まず、AIロボットにヤンが生身の人間とほぼ同等の身体を持っているということ。そもそもジャスティン・H・ミンという俳優がヤンを演じている時点で、その身体はロボットではありえないのだが、設定としてもロボットは魂を失うと腐敗するということになっている。そのために、ヤンを純然たるAIロボットとして認識するのは難しく、いかにもロボット然としたAIに人間的な感性を見出して感動するという甘い展開も誘われない。AIに人間と同等の(あるいはそれ以上の)感情を見出して感動するというのは、情動的なシンギュラリティへの誘惑ともいうべきものだが、本作はその誘惑には抑制的である。

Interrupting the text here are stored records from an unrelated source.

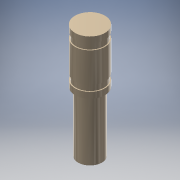
# Autodesk Inventor part: walek popychajacy sprzeglo 01-02
Saved by Autodesk Inventor 2017 (Build 210142000, 142)
## iProperties
Created: 2021-05-23
Part Number: walek popychajacy sprzeglo 01-02
Material: Generic
Document SubType Name: Modeling
Designer: majch
Density: 1 g/cm^3
Appearance: Smooth - Off-White
Mass: 0.297807 g
Surface Area: 3.13562 cm^2
Volume: 0.297807 cm^3
Author: majch
Autodesk Inventor part; units mm, degrees
ref_plane "YZ Plane" through (0, 0, 0) normal (1, 0, 0) x (0, 1, 0)
ref_plane "XZ Plane" through (0, 0, 0) normal (0, 1, 0) x (-1, 0, 0)
ref_plane "XY Plane" through (0, 0, 0) normal (0, 0, 1) x (1, 0, 0)
sketch "Sketch1" plane through (0, 0, 0) normal (0, 1, 0) x (-1, 0, 0)
  line L0 (0, 0) -> (2.5, 0)
  line L1 (2.5, 0) -> (2.5, -1)
  line L2 (2.5, -1) -> (2.35, -1)
  line L3 (2.35, -1) -> (2.35, -2)
  line L4 (2.35, -2) -> (2.5, -2)
  line L5 (2.5, -2) -> (2.5, -7)
  line L6 (2.5, -7) -> (2.35, -7)
  line L7 (2.35, -7) -> (2.35, -8)
  line L8 (2.35, -8) -> (2.5, -8)
  line L9 (2, -19) -> (0, -19)
  line L10 (0, 0) -> (0, -19)
  line L11 (2.5, -8) -> (2.5, -9)
  line L12 (2.5, -9) -> (2, -9)
  line L13 (2, -9) -> (2, -19)
  dimension "d0" = 2.5
  dimension "d1" = 1
  dimension "d2" = 0.15
  dimension "d3" = 1
  dimension "d4" = 5
  dimension "d9" = 2.5
  dimension "d10" = 1
  dimension "d11" = 2
  constraints: 28 end point, 9 perpendicular, 4 vertical, 3 equal length, 1 horizontal
  measures "d0" distance of L0.start L0.end
  measures "d1" distance of L0.end L1.end
  measures "d2" distance of L1.end L2.end
  measures "d3" distance of L2.end L3.end
  measures "d4" distance of L4.end L5.end
  measures "d9" distance between parallel lines of L10 L5
  measures "d10" distance of L8.end L11.end
  measures "d11" distance between parallel lines of L10 L13
revolve "Revolution1" add sketch "Sketch1" angle 360 about axis through (0, 0, 0) along (0, 0, -1)
body "Solid1"
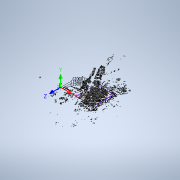
# Autodesk Inventor part: leonOSM
Saved by Autodesk Inventor 2021 (Build 250183000, 183)
## iProperties
Created: 2021-06-19
Part Number: leonOSM
Material: Genérico
Document SubType Name: Modeling
Designer: luise
Density: 1 g/cm^3
Appearance: Valor por defecto
Author: luise
Autodesk Inventor part; units mm, degrees
ref_plane "YZ Plane" through (0, 0, 0) normal (1, 0, 0) x (0, 1, 0)
ref_plane "XZ Plane" through (0, 0, 0) normal (0, 1, 0) x (-1, 0, 0)
ref_plane "XY Plane" through (0, 0, 0) normal (0, 0, 1) x (1, 0, 0)
sketch "Boceto1" plane through (0, 0, 0) normal (0, 1, 0) x (-1, 0, 0)
  line L0 (-1500000, -2000000) -> (-3200000, -2000000)
  line L1 (-3200000, -2000000) -> (-3200000, 0)
  line L2 (-3200000, 0) -> (-1500000, 0)
  line L3 (-1500000, 0) -> (-1500000, -2000000)
  point P0 (0, 0)
  dimension "d7" = 1700000
  dimension "d9" = 2000000
  constraints: 8 end point, 2 parallel, 1 horizontal, 1 perpendicular
  measures "d7" distance between parallel lines of L1 L3
  measures "d9" distance between parallel lines of L2 L0
extrude "Extrusión1" add sketch "Boceto1" against normal blind 1000
sketch "Boceto3" plane through (0, 0, 0) normal (0, 1, 0) x (1, 0, 0)
  line L0 (1500000, 0) -> (3200000, 0) projected
  line L1 (3200000, 0) -> (3200000, 2000000) projected
  line L2 (3200000, 2000000) -> (1500000, 2000000) projected
  line L3 (1500000, 2000000) -> (1500000, 0) projected
  line L4 (3200000, 0) -> (1500000, 0) projected
  line L5 (1500000, 0) -> (1500000, 2000000) projected
  line L6 (3200000, 2000000) -> (3200000, 0) projected
  line L7 (1500000, 2000000) -> (2350000, 2000000)
  line L8 (2350000, 2000000) -> (2350000, 1000000)
  line L9 (2350000, 1000000) -> (1500000, 1000000)
  line L10 (1500000, 1000000) -> (1500000, 2000000)
  line L11 (2350000, 1000000) -> (3200000, 1000000)
  line L12 (3200000, 1000000) -> (3200000, 2000000)
  line L13 (3200000, 2000000) -> (2350000, 2000000)
  line L14 (2350000, 2000000) -> (2350000, 1000000)
  line L15 (2350000, 1000000) -> (1500000, 1000000)
  line L16 (1500000, 1000000) -> (1500000, 0)
  line L17 (1500000, 0) -> (2350000, 0)
  line L18 (2350000, 0) -> (2350000, 1000000)
  line L19 (2350000, 1000000) -> (3200000, 1000000)
  line L20 (3200000, 1000000) -> (3200000, 0)
  line L21 (3200000, 0) -> (2350000, 0)
  line L22 (2350000, 0) -> (2350000, 1000000)
  line L23 (1500000, 1500000) -> (2350000, 1500000)
  point P0 (0, 0)
  dimension "d12" = 1000000
  dimension "d13" = 850000
  dimension "d14" = 1500000
  dimension "d15" = 2000000
  dimension "d16" = 1500000
  constraints: 34 end point, 8 parallel, 4 horizontal, 4 perpendicular, 2 midpoint
  measures "d12" distance between parallel lines of L17 L15
  measures "d13" distance between parallel lines of L22 L3
  measures "d14" distance from line of point (0, 0) L3
  measures "d15" distance from line of point (0, 0) L7
  measures "d16" distance between parallel lines of L0 L23

その一方で、ヤンが人間そっくり(というか役者の身体そのものなのだが)ということで、擬似的な家族の物語になっている。コリン・ファレルとジョディ・ターナー=スミスの夫婦の娘は中国系の養子であり、ヤンは養子用のロボットとして作られたものである。ヤンは兄としての役割を与えられており、彼らは血の繋がらない家族である。ヤンの故障は兄の“死”を意味するわけであり、家族の一人の契機に知られざる秘密が明らかになる、という物語でもある。だが、ここでAIロボットであるという設定があることで、その家族の物語も感情移入しやすいものとなっている。現代の物語で、家族を描くために擬似家族を設定したり、恋愛を描くために契約結婚や恋人のふりをする男女といったストーリーが準備されることも、これと同じ理由であるだろう。
そう考えると、ケン・リュウの「紙の動物園」なんかを思い出したりもする。この小説も、母と息子の感動的なストーリーにSFの要素をプラスすることで全体の印象が刷新されるのだ。そして、アメリカに住む中国系の物語ということも共通点と言えるだろう。
『アフター・ヤン』は全体を通じて静謐な雰囲気で統一されており、静かな感動を呼ぶ。もう少しドラマチックにしようと思えばできるのだろうが、そこに抑制を効かせたのは正解だったろうと思う。
余談だが、AIに残されたプログラムをめぐる感動的な秘密やシンギュラリティの主題は、アニメーション映画『アイの歌声を聴かせて』というのがあるのだが、エンタメ的なおもしろさでいえば、こちらの作品に軍配が上がるのではないだろうか。